▶ [Try it]: Output all of the data below without changing a word, and exclude the pictures.

Dataset records
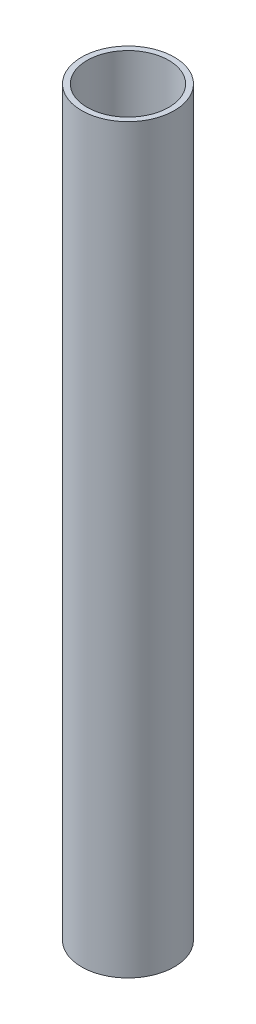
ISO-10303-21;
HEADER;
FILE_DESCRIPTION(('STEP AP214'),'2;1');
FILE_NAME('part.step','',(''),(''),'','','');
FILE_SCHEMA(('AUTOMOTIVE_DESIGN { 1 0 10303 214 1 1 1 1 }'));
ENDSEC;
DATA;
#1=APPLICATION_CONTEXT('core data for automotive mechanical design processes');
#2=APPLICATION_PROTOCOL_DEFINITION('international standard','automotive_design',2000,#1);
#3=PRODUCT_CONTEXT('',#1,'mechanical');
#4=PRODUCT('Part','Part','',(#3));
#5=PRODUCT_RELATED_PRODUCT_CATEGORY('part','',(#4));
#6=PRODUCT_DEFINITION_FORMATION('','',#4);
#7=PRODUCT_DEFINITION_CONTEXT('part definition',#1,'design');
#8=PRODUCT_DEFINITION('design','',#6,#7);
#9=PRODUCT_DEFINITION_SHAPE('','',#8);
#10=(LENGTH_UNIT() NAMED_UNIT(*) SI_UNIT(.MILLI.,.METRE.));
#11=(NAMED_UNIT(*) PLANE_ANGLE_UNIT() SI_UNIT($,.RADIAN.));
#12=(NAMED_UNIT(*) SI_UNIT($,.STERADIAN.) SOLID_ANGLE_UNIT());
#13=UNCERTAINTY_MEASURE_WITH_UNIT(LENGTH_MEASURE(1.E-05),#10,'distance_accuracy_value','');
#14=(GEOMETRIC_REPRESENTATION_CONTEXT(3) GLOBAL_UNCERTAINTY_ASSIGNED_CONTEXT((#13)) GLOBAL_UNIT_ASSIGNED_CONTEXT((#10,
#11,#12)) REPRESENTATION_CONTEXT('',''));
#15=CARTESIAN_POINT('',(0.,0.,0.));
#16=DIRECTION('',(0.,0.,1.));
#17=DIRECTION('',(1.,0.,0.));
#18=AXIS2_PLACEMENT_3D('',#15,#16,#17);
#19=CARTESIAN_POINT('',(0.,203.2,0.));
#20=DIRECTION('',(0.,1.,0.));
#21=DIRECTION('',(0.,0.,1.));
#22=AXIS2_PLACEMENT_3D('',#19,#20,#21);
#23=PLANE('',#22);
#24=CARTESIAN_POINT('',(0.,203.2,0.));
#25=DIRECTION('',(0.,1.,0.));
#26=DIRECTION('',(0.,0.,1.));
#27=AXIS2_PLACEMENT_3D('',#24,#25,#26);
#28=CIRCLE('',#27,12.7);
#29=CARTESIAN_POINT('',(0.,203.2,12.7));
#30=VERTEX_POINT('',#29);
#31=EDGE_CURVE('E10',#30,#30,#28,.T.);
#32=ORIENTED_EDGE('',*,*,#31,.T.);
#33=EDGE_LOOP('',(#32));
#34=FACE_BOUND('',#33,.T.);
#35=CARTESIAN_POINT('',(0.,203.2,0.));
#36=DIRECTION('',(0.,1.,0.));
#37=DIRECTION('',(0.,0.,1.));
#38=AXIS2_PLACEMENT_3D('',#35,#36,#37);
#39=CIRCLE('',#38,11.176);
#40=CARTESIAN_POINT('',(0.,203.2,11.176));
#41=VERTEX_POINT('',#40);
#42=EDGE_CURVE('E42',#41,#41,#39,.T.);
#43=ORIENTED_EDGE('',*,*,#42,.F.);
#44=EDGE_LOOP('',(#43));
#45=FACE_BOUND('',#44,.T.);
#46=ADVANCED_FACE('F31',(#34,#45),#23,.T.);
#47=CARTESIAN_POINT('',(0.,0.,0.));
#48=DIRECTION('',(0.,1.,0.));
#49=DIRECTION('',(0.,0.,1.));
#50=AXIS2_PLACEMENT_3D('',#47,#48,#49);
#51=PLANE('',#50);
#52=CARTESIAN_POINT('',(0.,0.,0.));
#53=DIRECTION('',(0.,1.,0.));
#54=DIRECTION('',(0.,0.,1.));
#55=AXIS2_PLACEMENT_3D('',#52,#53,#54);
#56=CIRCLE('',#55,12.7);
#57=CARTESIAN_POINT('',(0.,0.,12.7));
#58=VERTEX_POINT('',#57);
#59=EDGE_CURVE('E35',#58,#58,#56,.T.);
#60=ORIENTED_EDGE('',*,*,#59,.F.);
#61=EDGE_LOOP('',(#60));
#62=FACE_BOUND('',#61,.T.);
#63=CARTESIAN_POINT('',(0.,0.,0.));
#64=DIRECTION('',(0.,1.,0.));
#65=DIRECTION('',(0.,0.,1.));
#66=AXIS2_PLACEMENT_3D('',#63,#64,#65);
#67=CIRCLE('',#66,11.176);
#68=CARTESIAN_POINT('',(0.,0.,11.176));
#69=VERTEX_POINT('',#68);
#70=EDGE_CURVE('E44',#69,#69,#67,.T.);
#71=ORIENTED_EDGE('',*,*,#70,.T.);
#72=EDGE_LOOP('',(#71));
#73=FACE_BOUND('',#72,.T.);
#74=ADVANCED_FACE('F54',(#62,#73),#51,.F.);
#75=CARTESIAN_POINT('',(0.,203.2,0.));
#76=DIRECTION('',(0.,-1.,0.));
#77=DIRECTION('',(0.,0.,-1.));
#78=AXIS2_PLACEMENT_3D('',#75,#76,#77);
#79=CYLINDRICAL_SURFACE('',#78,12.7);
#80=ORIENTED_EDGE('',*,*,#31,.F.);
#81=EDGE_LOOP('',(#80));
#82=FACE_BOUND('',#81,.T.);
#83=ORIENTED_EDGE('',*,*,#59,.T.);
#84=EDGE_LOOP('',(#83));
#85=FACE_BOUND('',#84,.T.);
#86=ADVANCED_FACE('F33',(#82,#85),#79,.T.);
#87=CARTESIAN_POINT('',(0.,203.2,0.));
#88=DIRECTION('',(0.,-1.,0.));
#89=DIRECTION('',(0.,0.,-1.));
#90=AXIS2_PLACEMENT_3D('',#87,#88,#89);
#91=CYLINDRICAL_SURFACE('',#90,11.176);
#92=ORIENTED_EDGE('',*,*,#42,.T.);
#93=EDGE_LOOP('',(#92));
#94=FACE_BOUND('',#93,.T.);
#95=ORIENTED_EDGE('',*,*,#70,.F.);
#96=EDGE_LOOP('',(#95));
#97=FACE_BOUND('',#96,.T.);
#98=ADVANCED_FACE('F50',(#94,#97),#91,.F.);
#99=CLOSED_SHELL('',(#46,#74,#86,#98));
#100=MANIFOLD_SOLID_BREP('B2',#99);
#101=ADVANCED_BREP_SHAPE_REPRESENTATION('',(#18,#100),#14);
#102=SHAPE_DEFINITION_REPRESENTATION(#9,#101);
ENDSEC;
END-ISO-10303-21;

▶ [Written response]:
ISO-10303-21;
HEADER;
FILE_DESCRIPTION(('STEP AP214'),'2;1');
FILE_NAME('part.step','',(''),(''),'','','');
FILE_SCHEMA(('AUTOMOTIVE_DESIGN { 1 0 10303 214 1 1 1 1 }'));
ENDSEC;
DATA;
#1=APPLICATION_CONTEXT('core data for automotive mechanical design processes');
#2=APPLICATION_PROTOCOL_DEFINITION('international standard','automotive_design',2000,#1);
#3=PRODUCT_CONTEXT('',#1,'mechanical');
#4=PRODUCT('Part','Part','',(#3));
#5=PRODUCT_RELATED_PRODUCT_CATEGORY('part','',(#4));
#6=PRODUCT_DEFINITION_FORMATION('','',#4);
#7=PRODUCT_DEFINITION_CONTEXT('part definition',#1,'design');
#8=PRODUCT_DEFINITION('design','',#6,#7);
#9=PRODUCT_DEFINITION_SHAPE('','',#8);
#10=(LENGTH_UNIT() NAMED_UNIT(*) SI_UNIT(.MILLI.,.METRE.));
#11=(NAMED_UNIT(*) PLANE_ANGLE_UNIT() SI_UNIT($,.RADIAN.));
#12=(NAMED_UNIT(*) SI_UNIT($,.STERADIAN.) SOLID_ANGLE_UNIT());
#13=UNCERTAINTY_MEASURE_WITH_UNIT(LENGTH_MEASURE(1.E-05),#10,'distance_accuracy_value','');
#14=(GEOMETRIC_REPRESENTATION_CONTEXT(3) GLOBAL_UNCERTAINTY_ASSIGNED_CONTEXT((#13)) GLOBAL_UNIT_ASSIGNED_CONTEXT((#10,
#11,#12)) REPRESENTATION_CONTEXT('',''));
#15=CARTESIAN_POINT('',(0.,0.,0.));
#16=DIRECTION('',(0.,0.,1.));
#17=DIRECTION('',(1.,0.,0.));
#18=AXIS2_PLACEMENT_3D('',#15,#16,#17);
#19=CARTESIAN_POINT('',(0.,203.2,0.));
#20=DIRECTION('',(0.,1.,0.));
#21=DIRECTION('',(0.,0.,1.));
#22=AXIS2_PLACEMENT_3D('',#19,#20,#21);
#23=PLANE('',#22);
#24=CARTESIAN_POINT('',(0.,203.2,0.));
#25=DIRECTION('',(0.,1.,0.));
#26=DIRECTION('',(0.,0.,1.));
#27=AXIS2_PLACEMENT_3D('',#24,#25,#26);
#28=CIRCLE('',#27,12.7);
#29=CARTESIAN_POINT('',(0.,203.2,12.7));
#30=VERTEX_POINT('',#29);
#31=EDGE_CURVE('E10',#30,#30,#28,.T.);
#32=ORIENTED_EDGE('',*,*,#31,.T.);
#33=EDGE_LOOP('',(#32));
#34=FACE_BOUND('',#33,.T.);
#35=CARTESIAN_POINT('',(0.,203.2,0.));
#36=DIRECTION('',(0.,1.,0.));
#37=DIRECTION('',(0.,0.,1.));
#38=AXIS2_PLACEMENT_3D('',#35,#36,#37);
#39=CIRCLE('',#38,11.176);
#40=CARTESIAN_POINT('',(0.,203.2,11.176));
#41=VERTEX_POINT('',#40);
#42=EDGE_CURVE('E42',#41,#41,#39,.T.);
#43=ORIENTED_EDGE('',*,*,#42,.F.);
#44=EDGE_LOOP('',(#43));
#45=FACE_BOUND('',#44,.T.);
#46=ADVANCED_FACE('F31',(#34,#45),#23,.T.);
#47=CARTESIAN_POINT('',(0.,0.,0.));
#48=DIRECTION('',(0.,1.,0.));
#49=DIRECTION('',(0.,0.,1.));
#50=AXIS2_PLACEMENT_3D('',#47,#48,#49);
#51=PLANE('',#50);
#52=CARTESIAN_POINT('',(0.,0.,0.));
#53=DIRECTION('',(0.,1.,0.));
#54=DIRECTION('',(0.,0.,1.));
#55=AXIS2_PLACEMENT_3D('',#52,#53,#54);
#56=CIRCLE('',#55,12.7);
#57=CARTESIAN_POINT('',(0.,0.,12.7));
#58=VERTEX_POINT('',#57);
#59=EDGE_CURVE('E35',#58,#58,#56,.T.);
#60=ORIENTED_EDGE('',*,*,#59,.F.);
#61=EDGE_LOOP('',(#60));
#62=FACE_BOUND('',#61,.T.);
#63=CARTESIAN_POINT('',(0.,0.,0.));
#64=DIRECTION('',(0.,1.,0.));
#65=DIRECTION('',(0.,0.,1.));
#66=AXIS2_PLACEMENT_3D('',#63,#64,#65);
#67=CIRCLE('',#66,11.176);
#68=CARTESIAN_POINT('',(0.,0.,11.176));
#69=VERTEX_POINT('',#68);
#70=EDGE_CURVE('E44',#69,#69,#67,.T.);
#71=ORIENTED_EDGE('',*,*,#70,.T.);
#72=EDGE_LOOP('',(#71));
#73=FACE_BOUND('',#72,.T.);
#74=ADVANCED_FACE('F54',(#62,#73),#51,.F.);
#75=CARTESIAN_POINT('',(0.,203.2,0.));
#76=DIRECTION('',(0.,-1.,0.));
#77=DIRECTION('',(0.,0.,-1.));
#78=AXIS2_PLACEMENT_3D('',#75,#76,#77);
#79=CYLINDRICAL_SURFACE('',#78,12.7);
#80=ORIENTED_EDGE('',*,*,#31,.F.);
#81=EDGE_LOOP('',(#80));
#82=FACE_BOUND('',#81,.T.);
#83=ORIENTED_EDGE('',*,*,#59,.T.);
#84=EDGE_LOOP('',(#83));
#85=FACE_BOUND('',#84,.T.);
#86=ADVANCED_FACE('F33',(#82,#85),#79,.T.);
#87=CARTESIAN_POINT('',(0.,203.2,0.));
#88=DIRECTION('',(0.,-1.,0.));
#89=DIRECTION('',(0.,0.,-1.));
#90=AXIS2_PLACEMENT_3D('',#87,#88,#89);
#91=CYLINDRICAL_SURFACE('',#90,11.176);
#92=ORIENTED_EDGE('',*,*,#42,.T.);
#93=EDGE_LOOP('',(#92));
#94=FACE_BOUND('',#93,.T.);
#95=ORIENTED_EDGE('',*,*,#70,.F.);
#96=EDGE_LOOP('',(#95));
#97=FACE_BOUND('',#96,.T.);
#98=ADVANCED_FACE('F50',(#94,#97),#91,.F.);
#99=CLOSED_SHELL('',(#46,#74,#86,#98));
#100=MANIFOLD_SOLID_BREP('B2',#99);
#101=ADVANCED_BREP_SHAPE_REPRESENTATION('',(#18,#100),#14);
#102=SHAPE_DEFINITION_REPRESENTATION(#9,#101);
ENDSEC;
END-ISO-10303-21;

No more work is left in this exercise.